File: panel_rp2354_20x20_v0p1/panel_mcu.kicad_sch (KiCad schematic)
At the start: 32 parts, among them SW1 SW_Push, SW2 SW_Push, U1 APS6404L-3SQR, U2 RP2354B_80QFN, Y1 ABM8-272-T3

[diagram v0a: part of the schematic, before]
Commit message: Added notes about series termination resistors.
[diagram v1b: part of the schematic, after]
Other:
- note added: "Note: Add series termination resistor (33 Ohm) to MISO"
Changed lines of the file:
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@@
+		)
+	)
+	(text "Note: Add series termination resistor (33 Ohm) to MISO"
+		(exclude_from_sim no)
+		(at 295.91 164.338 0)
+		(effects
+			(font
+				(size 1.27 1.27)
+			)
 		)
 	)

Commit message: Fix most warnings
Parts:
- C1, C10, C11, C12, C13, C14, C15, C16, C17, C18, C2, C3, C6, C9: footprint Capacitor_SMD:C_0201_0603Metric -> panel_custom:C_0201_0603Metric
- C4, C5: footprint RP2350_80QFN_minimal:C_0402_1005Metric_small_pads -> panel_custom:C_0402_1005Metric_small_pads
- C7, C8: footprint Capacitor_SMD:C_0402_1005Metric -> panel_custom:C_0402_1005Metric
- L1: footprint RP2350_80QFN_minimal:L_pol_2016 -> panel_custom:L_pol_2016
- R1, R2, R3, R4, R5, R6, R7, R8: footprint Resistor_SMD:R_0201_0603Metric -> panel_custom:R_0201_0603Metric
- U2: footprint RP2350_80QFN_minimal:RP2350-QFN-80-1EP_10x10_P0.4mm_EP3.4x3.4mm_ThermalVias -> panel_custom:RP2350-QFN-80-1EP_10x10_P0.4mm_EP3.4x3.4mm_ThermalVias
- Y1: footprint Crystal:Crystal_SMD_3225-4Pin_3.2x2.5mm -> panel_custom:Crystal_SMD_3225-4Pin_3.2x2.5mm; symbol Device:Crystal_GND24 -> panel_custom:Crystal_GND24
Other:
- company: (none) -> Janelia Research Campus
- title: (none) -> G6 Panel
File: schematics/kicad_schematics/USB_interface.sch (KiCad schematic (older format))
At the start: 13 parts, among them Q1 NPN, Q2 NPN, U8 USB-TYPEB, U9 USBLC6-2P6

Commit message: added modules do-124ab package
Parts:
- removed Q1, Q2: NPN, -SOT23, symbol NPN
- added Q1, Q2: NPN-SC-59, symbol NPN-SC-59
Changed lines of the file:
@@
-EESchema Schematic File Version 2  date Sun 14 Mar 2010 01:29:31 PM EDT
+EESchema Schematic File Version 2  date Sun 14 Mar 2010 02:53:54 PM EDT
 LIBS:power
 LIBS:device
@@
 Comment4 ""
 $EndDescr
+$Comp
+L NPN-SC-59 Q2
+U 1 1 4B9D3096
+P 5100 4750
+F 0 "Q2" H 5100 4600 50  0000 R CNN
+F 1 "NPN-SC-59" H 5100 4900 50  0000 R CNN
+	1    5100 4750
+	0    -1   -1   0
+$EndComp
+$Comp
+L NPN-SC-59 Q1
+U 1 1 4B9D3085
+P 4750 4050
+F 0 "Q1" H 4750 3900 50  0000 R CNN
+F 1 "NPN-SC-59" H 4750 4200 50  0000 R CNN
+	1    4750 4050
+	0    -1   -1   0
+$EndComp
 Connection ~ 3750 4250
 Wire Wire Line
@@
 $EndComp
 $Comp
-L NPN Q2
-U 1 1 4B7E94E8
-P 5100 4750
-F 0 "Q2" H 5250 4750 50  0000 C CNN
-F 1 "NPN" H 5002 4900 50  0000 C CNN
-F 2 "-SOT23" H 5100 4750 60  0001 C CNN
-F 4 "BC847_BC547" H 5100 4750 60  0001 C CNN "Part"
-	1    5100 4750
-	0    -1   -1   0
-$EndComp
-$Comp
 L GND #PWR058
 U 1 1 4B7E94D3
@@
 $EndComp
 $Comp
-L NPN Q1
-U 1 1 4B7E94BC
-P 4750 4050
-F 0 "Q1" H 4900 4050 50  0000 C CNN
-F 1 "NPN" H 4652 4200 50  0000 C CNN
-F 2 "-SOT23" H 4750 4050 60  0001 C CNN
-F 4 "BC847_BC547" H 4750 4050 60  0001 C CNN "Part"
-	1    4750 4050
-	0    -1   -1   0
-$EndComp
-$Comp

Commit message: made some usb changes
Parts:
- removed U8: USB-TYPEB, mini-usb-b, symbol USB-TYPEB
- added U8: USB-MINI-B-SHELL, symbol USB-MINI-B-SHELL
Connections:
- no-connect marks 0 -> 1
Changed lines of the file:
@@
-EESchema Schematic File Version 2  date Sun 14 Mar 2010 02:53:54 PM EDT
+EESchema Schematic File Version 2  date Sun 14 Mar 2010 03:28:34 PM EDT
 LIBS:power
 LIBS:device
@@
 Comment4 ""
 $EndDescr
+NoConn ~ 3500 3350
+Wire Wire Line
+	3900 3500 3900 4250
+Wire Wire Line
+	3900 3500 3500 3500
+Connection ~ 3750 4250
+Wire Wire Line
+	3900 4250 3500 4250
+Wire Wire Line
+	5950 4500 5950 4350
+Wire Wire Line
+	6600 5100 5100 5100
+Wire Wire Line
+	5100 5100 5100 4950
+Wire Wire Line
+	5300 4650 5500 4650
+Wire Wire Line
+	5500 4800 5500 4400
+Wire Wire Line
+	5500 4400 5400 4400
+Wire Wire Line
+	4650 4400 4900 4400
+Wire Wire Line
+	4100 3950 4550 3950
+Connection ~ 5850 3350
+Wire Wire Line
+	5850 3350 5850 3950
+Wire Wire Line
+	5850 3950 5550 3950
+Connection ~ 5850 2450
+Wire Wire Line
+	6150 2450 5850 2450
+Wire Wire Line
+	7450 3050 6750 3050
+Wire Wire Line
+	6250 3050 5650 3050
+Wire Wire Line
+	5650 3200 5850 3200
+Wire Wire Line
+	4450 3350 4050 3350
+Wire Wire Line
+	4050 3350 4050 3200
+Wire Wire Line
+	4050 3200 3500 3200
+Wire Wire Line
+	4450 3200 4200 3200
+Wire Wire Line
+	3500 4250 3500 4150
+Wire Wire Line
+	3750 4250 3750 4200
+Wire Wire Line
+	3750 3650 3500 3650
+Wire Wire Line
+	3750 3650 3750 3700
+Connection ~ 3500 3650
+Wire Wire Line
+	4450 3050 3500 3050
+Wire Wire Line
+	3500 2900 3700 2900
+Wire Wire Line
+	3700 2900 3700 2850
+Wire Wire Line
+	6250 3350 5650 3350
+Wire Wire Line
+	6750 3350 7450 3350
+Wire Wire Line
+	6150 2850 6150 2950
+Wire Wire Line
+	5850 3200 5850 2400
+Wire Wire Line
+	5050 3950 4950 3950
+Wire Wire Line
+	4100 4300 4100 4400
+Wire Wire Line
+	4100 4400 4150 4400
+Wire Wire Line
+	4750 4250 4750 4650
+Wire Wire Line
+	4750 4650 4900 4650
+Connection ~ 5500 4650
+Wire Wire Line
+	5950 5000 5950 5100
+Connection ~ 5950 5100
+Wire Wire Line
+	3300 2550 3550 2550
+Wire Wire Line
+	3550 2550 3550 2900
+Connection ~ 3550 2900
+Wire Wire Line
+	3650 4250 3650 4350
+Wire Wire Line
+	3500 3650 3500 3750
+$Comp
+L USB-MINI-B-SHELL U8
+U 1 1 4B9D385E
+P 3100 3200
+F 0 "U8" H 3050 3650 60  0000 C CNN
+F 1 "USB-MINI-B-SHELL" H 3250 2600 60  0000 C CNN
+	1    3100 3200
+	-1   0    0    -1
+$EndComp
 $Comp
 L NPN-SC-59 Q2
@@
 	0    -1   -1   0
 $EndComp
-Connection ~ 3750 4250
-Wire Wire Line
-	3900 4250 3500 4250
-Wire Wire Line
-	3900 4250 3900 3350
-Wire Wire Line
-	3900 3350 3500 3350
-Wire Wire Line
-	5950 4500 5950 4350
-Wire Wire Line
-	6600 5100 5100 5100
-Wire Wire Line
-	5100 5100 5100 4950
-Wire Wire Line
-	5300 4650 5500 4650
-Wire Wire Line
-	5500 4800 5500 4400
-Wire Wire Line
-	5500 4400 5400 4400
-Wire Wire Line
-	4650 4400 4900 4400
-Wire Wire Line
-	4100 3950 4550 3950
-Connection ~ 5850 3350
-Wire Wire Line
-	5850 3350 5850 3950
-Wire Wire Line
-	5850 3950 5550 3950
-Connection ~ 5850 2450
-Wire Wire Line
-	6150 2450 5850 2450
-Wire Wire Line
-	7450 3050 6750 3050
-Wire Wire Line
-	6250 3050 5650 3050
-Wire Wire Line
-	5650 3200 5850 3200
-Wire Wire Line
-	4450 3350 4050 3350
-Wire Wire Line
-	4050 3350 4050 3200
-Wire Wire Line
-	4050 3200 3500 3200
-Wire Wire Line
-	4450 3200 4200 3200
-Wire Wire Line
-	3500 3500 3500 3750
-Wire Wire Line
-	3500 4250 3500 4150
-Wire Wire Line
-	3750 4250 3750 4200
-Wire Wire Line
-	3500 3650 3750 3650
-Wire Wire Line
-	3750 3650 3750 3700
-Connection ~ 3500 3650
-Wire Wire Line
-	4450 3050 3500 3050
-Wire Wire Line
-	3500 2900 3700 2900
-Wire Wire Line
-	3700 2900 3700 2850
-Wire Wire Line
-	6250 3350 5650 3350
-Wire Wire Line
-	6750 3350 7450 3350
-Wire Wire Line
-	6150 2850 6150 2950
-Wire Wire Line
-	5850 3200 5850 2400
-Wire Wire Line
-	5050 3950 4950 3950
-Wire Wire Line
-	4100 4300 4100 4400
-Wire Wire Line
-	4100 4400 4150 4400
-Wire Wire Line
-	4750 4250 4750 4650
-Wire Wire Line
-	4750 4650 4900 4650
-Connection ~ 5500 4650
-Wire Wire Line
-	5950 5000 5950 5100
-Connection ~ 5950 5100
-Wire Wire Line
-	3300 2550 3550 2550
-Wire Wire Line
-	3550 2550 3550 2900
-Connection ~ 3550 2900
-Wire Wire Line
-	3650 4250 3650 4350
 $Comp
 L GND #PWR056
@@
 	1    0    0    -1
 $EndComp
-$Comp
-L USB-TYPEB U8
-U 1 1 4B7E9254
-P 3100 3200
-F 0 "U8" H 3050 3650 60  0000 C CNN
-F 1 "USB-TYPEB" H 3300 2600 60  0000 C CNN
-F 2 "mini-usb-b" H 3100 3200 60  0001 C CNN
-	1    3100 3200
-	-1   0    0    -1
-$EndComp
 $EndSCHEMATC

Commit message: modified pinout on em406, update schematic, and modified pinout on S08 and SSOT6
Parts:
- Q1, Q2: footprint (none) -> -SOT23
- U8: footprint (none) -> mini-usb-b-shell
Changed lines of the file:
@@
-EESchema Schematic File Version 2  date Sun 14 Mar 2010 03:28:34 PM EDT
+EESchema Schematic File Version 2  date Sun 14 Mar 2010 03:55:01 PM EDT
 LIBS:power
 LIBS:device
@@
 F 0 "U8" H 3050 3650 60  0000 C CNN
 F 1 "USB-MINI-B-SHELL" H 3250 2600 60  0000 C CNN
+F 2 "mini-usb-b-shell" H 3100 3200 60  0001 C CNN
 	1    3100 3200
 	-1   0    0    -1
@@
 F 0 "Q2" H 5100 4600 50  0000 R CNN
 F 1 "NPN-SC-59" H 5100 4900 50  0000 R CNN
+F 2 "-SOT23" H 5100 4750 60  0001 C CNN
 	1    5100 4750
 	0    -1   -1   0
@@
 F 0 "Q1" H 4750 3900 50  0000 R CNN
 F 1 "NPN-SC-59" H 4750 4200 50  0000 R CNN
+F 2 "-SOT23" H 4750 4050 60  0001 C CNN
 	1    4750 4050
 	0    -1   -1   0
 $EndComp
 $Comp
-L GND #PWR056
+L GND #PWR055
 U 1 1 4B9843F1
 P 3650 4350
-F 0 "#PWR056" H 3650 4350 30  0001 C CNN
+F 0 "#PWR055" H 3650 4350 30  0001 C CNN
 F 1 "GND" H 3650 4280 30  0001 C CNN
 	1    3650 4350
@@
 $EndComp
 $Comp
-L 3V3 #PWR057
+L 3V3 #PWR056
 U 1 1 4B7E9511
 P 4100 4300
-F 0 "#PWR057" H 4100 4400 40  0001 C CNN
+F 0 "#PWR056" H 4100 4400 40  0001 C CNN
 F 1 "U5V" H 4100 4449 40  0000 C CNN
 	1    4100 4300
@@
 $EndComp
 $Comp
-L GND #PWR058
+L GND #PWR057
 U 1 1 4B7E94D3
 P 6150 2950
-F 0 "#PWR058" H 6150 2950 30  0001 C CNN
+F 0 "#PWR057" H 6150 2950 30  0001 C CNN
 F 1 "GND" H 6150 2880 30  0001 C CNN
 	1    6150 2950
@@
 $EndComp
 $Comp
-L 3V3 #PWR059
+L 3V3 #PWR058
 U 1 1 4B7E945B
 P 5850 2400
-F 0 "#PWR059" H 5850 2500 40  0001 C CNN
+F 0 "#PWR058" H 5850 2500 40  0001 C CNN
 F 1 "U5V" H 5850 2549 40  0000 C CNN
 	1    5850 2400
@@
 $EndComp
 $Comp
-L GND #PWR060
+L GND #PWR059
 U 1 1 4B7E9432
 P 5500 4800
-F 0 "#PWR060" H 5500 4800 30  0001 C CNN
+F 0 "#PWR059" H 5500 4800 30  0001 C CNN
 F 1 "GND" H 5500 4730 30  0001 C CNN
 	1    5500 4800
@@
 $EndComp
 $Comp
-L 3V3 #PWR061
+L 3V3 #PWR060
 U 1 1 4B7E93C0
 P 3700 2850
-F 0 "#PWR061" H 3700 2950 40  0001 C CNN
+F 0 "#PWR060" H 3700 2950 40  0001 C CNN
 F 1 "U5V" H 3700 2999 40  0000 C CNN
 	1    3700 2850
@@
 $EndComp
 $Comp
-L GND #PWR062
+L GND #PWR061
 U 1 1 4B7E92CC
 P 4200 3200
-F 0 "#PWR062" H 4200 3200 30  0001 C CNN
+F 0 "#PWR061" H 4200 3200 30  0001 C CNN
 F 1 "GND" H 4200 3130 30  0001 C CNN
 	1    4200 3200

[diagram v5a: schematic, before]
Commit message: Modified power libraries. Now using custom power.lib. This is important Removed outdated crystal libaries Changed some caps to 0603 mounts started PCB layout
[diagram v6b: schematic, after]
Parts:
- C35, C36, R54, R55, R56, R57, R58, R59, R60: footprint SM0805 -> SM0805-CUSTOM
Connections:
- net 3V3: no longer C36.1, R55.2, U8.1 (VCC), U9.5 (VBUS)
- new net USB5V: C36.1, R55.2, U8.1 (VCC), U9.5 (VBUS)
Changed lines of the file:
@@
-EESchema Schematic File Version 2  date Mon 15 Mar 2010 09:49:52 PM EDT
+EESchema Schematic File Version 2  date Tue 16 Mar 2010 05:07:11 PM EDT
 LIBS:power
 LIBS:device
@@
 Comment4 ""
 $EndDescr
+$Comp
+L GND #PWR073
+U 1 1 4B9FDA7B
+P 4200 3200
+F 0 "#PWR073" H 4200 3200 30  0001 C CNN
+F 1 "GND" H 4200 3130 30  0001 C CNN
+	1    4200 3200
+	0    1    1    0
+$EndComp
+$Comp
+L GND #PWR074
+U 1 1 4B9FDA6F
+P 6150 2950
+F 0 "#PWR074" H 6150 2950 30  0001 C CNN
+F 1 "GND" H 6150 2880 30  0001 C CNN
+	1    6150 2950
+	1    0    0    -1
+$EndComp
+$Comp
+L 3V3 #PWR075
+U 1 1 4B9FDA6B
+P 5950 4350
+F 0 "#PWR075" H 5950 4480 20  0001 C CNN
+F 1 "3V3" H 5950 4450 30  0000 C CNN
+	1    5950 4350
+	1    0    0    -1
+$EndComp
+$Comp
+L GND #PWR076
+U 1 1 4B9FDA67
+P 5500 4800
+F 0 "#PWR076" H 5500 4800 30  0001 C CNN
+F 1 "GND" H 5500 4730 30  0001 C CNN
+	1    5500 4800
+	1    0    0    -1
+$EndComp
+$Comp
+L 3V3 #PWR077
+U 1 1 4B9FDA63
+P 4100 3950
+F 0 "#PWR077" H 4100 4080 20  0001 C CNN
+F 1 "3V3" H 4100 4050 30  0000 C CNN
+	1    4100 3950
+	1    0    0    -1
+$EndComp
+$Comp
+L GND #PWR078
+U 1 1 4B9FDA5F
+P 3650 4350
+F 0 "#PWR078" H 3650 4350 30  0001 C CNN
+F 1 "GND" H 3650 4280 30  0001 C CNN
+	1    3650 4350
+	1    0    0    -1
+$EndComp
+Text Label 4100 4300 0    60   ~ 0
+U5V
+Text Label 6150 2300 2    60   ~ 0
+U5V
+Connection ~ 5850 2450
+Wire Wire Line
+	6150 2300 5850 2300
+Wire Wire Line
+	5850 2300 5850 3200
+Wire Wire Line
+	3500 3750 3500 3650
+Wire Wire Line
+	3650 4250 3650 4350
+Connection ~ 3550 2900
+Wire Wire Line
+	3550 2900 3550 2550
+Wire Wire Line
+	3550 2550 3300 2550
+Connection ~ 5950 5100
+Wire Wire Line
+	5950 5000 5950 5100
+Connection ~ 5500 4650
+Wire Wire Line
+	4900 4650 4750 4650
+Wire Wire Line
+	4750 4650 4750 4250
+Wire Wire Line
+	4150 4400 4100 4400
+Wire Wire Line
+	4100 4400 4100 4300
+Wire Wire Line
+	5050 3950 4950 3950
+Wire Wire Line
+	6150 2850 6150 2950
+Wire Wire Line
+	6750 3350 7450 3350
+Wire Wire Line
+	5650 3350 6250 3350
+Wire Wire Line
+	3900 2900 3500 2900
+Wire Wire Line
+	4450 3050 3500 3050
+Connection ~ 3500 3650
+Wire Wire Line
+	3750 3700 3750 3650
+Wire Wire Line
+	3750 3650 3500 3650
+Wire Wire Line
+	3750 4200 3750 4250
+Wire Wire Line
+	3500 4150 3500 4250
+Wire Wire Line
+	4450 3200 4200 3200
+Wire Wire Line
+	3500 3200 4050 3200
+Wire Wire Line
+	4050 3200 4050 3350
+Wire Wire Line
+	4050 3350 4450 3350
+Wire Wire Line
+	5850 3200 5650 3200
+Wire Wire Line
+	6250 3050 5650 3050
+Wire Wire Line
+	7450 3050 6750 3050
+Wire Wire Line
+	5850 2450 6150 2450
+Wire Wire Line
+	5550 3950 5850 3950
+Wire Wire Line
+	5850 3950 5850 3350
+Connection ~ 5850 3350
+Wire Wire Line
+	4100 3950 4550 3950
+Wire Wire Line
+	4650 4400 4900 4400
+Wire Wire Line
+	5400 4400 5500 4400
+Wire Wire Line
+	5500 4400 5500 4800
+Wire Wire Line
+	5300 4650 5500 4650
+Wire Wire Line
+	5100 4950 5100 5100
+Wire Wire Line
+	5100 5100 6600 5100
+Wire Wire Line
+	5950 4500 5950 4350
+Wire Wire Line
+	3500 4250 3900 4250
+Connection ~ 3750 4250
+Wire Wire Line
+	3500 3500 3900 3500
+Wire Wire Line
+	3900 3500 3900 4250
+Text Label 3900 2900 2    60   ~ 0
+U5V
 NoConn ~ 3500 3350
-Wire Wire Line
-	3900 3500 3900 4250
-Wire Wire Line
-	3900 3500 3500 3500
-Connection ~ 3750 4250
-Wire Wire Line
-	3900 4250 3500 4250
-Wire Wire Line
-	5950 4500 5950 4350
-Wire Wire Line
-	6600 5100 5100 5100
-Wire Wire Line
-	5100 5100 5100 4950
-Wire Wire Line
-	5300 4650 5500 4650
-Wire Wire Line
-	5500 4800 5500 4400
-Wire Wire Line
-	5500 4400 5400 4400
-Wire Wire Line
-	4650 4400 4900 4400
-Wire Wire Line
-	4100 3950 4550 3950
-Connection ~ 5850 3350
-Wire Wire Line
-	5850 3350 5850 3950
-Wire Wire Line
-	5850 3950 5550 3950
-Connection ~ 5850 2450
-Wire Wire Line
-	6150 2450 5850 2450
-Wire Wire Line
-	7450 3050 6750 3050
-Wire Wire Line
▬▬▬▬▬▬
If a line in the entries contains the word "them", copy that line out.

→ EXERCISE ANSWER:
At the start: 32 parts, among them SW1 SW_Push, SW2 SW_Push, U1 APS6404L-3SQR, U2 RP2354B_80QFN, Y1 ABM8-272-T3
At the start: 13 parts, among them Q1 NPN, Q2 NPN, U8 USB-TYPEB, U9 USBLC6-2P6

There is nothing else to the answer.